Big Data platforms have a very complicated structure. Data is distributed among several machines. Typically the jobs are mapped into several machines and results are later combined by reduce operations. Debugging of a big data pipeline becomes very challenging because of the very nature of the system. It will not be an easy task for the data scientist to figure out which machine's data has the outliers and unknown features causing a particular algorithm to give unexpected results.

Proposed Solution

Data provenance or data lineage can be used to make the debugging of big data pipeline easier. This necessitates the collection of data about data transformations. The below section will explain data provenance in more detail.

Data Provenance

Data Provenance provides a historical record of the data and its origins. The provenance of data which is generated by complex transformations such as workflows is of considerable value to scientists[21]. From it, one can ascertain the quality of the data based on its ancestral data and derivations, track back sources of errors, allow automated re-enactment of derivations to update a data, and provide attribution of data sources. Provenance is also essential to the business domain where it can be used to drill down to the source of data in a data warehouse, track the creation of intellectual property, and provide an audit trail for regulatory purposes.

The use of data provenance is proposed in distributed systems to trace records through a dataflow, replay the dataflow on a subset of its original inputs and debug data flows. To do so, one needs to keep track of the set of inputs to each operator, which were used to derive each of its outputs. Although there are several forms of provenance, such as copy-provenance and how-provenance,[14][22] the information we need is a simple form of why-provenance, or lineage, as defined by Cui et al.[23]

Lineage Capture

Intuitively, for an operator T producing output o, lineage consists of triplets of form {I, T, o}, where I is the set of inputs to T used to derive o. Capturing lineage for each operator T in a dataflow enables users to ask questions such as "Which outputs were produced by an input i on operator T ?" and "Which inputs produced output o in operator T ?"[3] A query that finds the inputs deriving an output is called a backward tracing query, while one that finds the outputs produced by an input is called a forward tracing query.[24] Backward tracing is useful for debugging, while forward tracing is useful for tracking error propagation.[24] Tracing queries also form the basis for replaying an original dataflow.[12][23][24] However, to efficiently use lineage in a DISC system, we need to be able to capture lineage at multiple levels (or granularities) of operators and data, capture accurate lineage for DISC processing constructs and be able to trace through multiple dataflow stages efficiently.

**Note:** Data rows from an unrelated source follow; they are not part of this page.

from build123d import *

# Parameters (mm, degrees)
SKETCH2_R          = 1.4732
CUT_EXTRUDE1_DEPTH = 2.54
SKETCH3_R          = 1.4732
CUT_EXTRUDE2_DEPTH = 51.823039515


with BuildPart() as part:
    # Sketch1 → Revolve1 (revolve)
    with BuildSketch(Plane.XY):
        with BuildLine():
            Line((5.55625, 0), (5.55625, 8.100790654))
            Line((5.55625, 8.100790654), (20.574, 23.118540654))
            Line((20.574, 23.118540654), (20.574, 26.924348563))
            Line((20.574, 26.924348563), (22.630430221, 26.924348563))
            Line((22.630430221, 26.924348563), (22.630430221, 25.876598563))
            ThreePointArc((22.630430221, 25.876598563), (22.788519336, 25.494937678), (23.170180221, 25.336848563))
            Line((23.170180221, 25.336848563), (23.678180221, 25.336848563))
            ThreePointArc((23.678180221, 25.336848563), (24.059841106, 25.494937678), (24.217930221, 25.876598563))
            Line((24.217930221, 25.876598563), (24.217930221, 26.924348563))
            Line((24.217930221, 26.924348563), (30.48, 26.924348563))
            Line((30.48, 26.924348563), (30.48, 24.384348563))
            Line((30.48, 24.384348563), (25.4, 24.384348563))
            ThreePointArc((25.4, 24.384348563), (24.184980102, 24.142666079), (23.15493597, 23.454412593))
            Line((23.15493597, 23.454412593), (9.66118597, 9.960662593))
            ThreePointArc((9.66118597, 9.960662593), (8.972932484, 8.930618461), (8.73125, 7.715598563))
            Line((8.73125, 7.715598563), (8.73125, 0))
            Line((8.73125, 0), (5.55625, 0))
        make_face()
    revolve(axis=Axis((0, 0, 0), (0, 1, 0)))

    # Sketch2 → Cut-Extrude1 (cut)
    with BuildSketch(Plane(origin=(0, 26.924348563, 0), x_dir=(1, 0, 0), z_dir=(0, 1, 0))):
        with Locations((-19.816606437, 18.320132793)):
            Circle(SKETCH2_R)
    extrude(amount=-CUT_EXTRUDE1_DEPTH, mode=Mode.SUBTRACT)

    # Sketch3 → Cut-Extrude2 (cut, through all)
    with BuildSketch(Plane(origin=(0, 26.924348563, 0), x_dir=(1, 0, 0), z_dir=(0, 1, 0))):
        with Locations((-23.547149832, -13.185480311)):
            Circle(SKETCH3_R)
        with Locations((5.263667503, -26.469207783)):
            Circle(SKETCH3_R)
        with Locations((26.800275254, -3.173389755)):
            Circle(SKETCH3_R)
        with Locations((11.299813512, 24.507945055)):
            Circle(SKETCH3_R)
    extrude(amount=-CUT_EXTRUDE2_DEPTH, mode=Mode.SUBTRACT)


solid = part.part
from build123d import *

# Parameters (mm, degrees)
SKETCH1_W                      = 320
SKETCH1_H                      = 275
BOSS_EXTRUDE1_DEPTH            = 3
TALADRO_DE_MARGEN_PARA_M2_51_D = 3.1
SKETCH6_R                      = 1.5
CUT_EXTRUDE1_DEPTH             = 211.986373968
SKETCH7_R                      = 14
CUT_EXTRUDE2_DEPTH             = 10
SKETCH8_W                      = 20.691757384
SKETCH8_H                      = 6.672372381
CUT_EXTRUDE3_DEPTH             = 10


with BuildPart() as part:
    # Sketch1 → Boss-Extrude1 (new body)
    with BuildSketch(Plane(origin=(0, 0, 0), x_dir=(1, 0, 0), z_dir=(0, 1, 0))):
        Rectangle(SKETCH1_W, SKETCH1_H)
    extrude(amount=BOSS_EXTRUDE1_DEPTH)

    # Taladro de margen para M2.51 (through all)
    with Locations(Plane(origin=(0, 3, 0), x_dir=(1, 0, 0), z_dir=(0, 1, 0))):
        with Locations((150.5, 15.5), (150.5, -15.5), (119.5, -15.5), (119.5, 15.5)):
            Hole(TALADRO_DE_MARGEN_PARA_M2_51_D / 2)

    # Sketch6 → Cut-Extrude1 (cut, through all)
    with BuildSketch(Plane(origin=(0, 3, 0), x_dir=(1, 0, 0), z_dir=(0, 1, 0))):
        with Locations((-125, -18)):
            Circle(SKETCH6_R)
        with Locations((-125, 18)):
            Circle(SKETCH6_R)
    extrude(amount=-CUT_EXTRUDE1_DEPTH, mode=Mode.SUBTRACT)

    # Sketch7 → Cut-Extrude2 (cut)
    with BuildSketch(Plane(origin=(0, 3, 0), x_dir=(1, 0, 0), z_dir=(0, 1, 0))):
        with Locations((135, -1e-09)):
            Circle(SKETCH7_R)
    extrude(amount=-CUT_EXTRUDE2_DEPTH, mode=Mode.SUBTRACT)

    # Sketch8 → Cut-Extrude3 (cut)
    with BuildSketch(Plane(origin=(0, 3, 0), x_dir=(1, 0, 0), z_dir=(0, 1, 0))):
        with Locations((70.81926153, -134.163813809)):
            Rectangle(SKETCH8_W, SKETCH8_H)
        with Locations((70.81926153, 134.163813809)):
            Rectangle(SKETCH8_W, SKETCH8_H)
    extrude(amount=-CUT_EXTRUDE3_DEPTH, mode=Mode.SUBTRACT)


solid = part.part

DISC system consists of several levels of operators and data, and different use cases of lineage can dictate the level at which lineage needs to be captured. Lineage can be captured at the level of the job, using files and giving lineage tuples of form {IF i, M RJob, OF i }, lineage can also be captured at the level of each task, using records and giving, for example, lineage tuples of form {(k rr, v rr ), map, (k m, v m )}. The first form of lineage is called coarse-grain lineage, while the second form is called fine-grain lineage. Integrating lineage across different granularities enables users to ask questions such as "Which file read by a MapReduce job produced this particular output record?" and can be useful in debugging across different operator and data granularities within a dataflow.[3]

Map Reduce Job showing containment relationships

To capture end-to-end lineage in a DISC system, we use the Ibis model,[25] which introduces the notion of containment hierarchies for operators and data. Specifically, Ibis proposes that an operator can be contained within another and such a relationship between two operators is called operator containment. "Operator containment implies that the contained (or child) operator performs a part of the logical operation of the containing (or parent) operator."[3] For example, a MapReduce task is contained in a job. Similar containment relationships exist for data as well, called data containment. Data containment implies that the contained data is a subset of the containing data (superset).

Containment Hierarchy

Prescriptive Data Lineage

The concept of Prescriptive Data Lineage combines both the logical model (entity) of how that data should flow with the actual lineage for that instance.[26]

Data lineage and provenance typically refers to the way or the steps a dataset came to its current state Data lineage, as well as all copies or derivatives. However, simply looking back at only audit or log correlations to determine lineage from a forensic point of view is flawed for certain data management cases. For instance, it is impossible to determine with certainty if the route a data workflow took was correct or in compliance without the logic model.

Only by combining the a logical model with atomic forensic events can proper activities be validated:

  1. Authorized copies, joins, or CTAS operations
  2. Mapping of processing to the systems that those process are run on
  3. Ad-Hoc versus established processing sequences

Many certified compliance reports require provenance of data flow as well as the end state data for a specific instance. With these types of situations, any deviation from the prescribed path need to be accounted for and potentially remediated.[27] This is marks a shift in thinking from purely a look back model to a framework which is better suited to capture compliance workflows.

Active vs Lazy Lineage

Lazy lineage collection typically captures only coarse-grain lineage at run time. These systems incur low capture overheads due to the small amount of lineage they capture. However, to answer fine-grain tracing queries, they must replay the data flow on all (or a large part) of its input and collect fine-grain lineage during the replay. This approach is suitable for forensic systems, where a user wants to debug an observed bad output.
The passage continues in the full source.